Cependant les directions syndicales se cantonnent à des journées d’actions, des « temps forts » espacés de plusieurs mois ne permettant aucune perspective de victoire. Cela afin de garder le contrôle sur un mouvement au potentiel explosif tant l’impopularité de Sarkozy et son équipe est grande. Les bureaucraties syndicales craignent d’être dépassées et freinent donc des quatre fers.
La droite ne s’est d’ailleurs pas trompée sur leur rôle en interrogeant dans les colonnes des Echos des dirigeants syndicaux qui confirment leur fonction de temporisation des mouvements ou en écrivant dans le Figaro sur la présence de militants de la gauche radicale dans les syndicats, qui relèverait de l’infiltration, et en félicitant la direction de la CGT qui affirme effectuer une surveillance de ceux-ci.La gauche anticapitaliste a bien un rôle à jouer pour dépasser les directions syndicales et impulser un mouvement de très grande ampleur face aux capitalistes qui veulent nous faire payer leur crise. Les plans sociaux se multiplient et ce n’est que le début d’après les prévisions de l’INSEE. Emblématiques de cette injustice sont les ouvriers de Caterpillar, Continental, Molex et bien d’autres auxquels on arrache leur gagne pain. Refusant de payer une crise dont-ils ne sont pas responsables, ces travailleurs qui se battent pour leur survie ont renoué avec les méthodes de la lutte de classe ; ces «séquestrations» de patrons qui commencent à effrayer dans les rangs de la droite et des capitalistes.
Sarkozy et son gouvernement ne cessent de clamer qu’ils souhaitent sauver les emplois menacés mais il est aisé de constater l’énormité du mensonge à la vue du bouclier fiscal maintenu, les 360 milliards € pour les banquiers sortis de caisses soi-disant vides et la répression policière contre ceux qui se battent pour conserver leur travail.

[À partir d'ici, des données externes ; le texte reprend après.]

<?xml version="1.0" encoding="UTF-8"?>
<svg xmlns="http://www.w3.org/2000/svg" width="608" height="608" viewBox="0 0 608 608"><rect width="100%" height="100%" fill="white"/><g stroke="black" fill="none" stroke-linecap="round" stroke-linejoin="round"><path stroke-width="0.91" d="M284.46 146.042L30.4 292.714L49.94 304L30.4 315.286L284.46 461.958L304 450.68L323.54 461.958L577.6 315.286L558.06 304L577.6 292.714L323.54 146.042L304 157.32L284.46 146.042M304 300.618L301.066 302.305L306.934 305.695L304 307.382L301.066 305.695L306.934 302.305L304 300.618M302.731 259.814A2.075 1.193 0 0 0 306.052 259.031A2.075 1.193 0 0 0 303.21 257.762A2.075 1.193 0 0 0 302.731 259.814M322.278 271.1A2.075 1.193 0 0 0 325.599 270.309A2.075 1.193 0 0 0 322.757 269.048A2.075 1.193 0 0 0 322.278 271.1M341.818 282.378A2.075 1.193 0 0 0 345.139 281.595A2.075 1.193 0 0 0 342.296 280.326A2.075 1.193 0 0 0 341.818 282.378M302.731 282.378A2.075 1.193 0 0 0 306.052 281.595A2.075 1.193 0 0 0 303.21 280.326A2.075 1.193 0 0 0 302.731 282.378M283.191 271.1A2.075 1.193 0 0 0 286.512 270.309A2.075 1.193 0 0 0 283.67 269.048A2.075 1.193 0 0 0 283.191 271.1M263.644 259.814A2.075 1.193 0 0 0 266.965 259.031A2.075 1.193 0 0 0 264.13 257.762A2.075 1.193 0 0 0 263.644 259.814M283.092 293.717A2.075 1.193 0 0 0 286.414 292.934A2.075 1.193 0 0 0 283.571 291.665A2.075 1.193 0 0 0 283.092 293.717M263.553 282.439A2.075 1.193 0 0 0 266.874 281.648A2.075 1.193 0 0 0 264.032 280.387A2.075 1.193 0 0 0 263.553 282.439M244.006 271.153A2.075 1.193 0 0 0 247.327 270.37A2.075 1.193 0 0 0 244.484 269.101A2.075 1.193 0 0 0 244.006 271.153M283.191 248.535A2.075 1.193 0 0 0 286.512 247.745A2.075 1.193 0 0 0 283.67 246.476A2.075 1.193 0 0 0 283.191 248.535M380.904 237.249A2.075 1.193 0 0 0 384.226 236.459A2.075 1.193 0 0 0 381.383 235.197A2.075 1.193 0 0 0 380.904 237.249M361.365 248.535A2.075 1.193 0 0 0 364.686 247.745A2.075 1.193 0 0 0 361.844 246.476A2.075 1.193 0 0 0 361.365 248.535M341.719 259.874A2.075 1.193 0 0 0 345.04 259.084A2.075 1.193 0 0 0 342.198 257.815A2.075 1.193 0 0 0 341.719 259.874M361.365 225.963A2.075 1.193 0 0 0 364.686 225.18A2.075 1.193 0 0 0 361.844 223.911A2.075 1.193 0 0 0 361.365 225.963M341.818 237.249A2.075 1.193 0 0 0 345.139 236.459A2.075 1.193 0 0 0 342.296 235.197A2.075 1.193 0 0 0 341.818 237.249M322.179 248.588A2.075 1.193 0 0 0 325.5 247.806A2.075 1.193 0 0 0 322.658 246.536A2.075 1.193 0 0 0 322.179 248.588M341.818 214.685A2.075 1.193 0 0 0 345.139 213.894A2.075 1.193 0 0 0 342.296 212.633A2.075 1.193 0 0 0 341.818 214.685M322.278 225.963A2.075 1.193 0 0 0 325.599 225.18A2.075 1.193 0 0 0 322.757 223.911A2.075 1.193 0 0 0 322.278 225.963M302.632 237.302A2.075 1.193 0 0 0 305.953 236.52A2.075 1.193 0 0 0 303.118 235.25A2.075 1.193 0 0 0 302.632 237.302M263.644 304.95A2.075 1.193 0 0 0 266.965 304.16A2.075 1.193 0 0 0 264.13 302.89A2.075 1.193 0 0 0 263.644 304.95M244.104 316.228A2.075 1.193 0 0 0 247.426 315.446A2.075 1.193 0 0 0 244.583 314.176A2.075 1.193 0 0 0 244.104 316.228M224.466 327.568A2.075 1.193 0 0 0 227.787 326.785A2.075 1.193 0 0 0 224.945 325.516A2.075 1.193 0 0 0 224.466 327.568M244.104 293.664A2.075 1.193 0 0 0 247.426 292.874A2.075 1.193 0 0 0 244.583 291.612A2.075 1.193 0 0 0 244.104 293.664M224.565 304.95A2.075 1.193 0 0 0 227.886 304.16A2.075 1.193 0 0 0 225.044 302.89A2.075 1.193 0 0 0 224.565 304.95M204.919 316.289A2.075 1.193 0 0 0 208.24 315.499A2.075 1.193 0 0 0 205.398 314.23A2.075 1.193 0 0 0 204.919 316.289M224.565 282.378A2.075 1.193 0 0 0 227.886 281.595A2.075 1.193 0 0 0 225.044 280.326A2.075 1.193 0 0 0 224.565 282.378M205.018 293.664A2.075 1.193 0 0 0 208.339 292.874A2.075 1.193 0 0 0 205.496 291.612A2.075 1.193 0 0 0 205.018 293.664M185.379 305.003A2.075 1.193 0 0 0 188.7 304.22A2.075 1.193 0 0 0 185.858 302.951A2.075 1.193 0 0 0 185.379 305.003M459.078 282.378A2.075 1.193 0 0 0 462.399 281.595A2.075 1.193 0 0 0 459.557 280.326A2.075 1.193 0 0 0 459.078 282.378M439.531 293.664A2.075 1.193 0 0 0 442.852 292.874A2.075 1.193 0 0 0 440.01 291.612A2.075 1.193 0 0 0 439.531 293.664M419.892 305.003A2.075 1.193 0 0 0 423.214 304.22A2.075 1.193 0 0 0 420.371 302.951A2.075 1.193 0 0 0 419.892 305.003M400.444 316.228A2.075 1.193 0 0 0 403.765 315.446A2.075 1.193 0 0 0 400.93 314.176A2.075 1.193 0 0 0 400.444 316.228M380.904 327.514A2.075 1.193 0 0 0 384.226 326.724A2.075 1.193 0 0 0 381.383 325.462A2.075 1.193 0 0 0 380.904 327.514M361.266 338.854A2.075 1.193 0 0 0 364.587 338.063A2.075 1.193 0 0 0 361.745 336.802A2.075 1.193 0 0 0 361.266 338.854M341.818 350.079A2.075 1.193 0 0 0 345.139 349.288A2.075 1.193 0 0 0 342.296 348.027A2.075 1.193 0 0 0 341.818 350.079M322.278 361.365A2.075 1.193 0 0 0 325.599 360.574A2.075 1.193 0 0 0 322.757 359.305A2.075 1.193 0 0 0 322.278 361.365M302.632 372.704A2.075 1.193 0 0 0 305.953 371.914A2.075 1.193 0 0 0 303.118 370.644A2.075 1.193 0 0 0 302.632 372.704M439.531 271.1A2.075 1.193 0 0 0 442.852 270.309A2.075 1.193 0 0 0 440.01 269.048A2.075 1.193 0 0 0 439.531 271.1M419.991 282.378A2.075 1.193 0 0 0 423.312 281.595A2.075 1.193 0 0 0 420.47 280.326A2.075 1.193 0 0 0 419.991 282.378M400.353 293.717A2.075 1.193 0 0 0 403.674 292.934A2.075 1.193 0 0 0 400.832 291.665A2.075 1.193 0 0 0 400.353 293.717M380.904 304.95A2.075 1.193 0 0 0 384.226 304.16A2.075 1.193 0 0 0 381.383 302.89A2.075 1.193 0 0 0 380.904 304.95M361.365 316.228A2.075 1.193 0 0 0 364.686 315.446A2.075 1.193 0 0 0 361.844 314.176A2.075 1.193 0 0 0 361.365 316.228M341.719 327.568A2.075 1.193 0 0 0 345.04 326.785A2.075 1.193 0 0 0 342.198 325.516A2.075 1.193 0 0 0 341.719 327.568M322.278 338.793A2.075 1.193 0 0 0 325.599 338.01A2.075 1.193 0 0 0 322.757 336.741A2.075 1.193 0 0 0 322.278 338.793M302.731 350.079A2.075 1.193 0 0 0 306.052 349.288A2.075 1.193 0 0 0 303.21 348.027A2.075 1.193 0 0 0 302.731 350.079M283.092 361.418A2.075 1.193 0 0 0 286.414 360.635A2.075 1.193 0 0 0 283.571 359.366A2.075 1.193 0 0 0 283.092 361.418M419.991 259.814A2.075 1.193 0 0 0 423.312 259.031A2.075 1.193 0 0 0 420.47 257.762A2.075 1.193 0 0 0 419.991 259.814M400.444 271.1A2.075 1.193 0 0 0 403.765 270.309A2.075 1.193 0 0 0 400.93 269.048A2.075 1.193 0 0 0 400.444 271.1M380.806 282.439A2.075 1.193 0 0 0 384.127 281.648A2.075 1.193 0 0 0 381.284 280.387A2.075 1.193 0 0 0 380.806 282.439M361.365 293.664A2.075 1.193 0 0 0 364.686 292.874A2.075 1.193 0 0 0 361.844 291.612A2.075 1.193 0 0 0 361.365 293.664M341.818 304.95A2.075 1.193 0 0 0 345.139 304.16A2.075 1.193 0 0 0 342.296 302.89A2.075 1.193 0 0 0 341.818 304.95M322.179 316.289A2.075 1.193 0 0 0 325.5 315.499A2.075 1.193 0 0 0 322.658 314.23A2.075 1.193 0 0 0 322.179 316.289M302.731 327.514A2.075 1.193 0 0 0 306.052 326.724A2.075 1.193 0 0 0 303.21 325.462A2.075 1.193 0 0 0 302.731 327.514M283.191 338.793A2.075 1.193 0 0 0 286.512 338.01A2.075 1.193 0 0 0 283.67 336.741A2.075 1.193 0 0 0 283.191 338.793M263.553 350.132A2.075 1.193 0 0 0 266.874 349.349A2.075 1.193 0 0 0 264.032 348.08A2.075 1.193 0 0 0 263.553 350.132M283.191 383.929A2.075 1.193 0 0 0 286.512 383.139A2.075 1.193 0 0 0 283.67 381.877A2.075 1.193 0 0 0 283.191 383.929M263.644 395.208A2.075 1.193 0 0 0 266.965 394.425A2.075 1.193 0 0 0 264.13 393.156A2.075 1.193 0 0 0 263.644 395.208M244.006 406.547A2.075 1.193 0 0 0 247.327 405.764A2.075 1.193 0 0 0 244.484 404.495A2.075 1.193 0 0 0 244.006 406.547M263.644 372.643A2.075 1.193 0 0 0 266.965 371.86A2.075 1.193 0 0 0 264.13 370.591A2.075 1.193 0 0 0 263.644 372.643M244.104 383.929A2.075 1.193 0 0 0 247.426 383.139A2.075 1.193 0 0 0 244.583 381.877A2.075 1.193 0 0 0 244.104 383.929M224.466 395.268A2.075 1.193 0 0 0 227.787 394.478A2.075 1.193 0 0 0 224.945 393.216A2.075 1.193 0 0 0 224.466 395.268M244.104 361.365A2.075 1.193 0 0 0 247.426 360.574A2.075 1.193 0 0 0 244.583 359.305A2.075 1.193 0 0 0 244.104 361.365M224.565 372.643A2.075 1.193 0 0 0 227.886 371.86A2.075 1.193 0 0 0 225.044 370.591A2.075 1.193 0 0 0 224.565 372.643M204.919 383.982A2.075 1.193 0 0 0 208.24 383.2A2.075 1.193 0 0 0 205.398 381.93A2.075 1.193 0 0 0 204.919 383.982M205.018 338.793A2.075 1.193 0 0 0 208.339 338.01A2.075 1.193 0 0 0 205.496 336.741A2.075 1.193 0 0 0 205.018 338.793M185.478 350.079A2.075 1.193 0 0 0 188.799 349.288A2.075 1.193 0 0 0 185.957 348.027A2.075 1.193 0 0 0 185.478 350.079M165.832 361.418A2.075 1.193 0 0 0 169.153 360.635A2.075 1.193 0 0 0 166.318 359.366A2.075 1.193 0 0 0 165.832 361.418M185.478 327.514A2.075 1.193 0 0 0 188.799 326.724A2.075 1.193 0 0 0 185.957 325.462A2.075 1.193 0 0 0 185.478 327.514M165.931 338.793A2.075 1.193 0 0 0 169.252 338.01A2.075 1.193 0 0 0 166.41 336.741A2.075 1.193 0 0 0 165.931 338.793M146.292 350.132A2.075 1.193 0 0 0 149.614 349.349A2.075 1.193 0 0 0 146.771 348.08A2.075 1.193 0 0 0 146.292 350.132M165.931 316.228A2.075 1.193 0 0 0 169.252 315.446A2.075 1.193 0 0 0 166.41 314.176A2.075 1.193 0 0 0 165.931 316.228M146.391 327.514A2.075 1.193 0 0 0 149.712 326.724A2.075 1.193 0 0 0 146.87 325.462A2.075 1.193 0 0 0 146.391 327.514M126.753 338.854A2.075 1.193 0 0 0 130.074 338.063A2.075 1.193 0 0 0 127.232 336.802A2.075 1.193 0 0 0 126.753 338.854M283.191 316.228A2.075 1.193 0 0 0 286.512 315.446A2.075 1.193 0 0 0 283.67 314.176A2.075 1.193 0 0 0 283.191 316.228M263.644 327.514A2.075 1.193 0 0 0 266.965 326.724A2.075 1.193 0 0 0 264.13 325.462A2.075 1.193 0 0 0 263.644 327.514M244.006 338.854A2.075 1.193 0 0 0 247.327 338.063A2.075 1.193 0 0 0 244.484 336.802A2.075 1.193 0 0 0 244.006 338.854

S’il avait une réelle volonté de sauver les emplois le gouvernement nationaliserait les entreprises qui licencient. Ainsi on pourrait maintenir les emplois. Il est plus que nécessaire d’avancer à gauche sur ce thème. Il est donc absolument déplorable que la gauche anticapitaliste parte divisée aux élections européennes car cela rend difficile les campagnes communes avant cette échéance. Cependant il est possible de commencer à se mobiliser par en bas pour des nationalisations, pour sauver les emplois. Il est inacceptable que des entreprises qui licencient fassent toujours des bénéfices et/ou bénéficient d’aides de l’Etat. Pour cela exigeons leur nationalisation sans rachat ni indemnités, ce ne serait que justice !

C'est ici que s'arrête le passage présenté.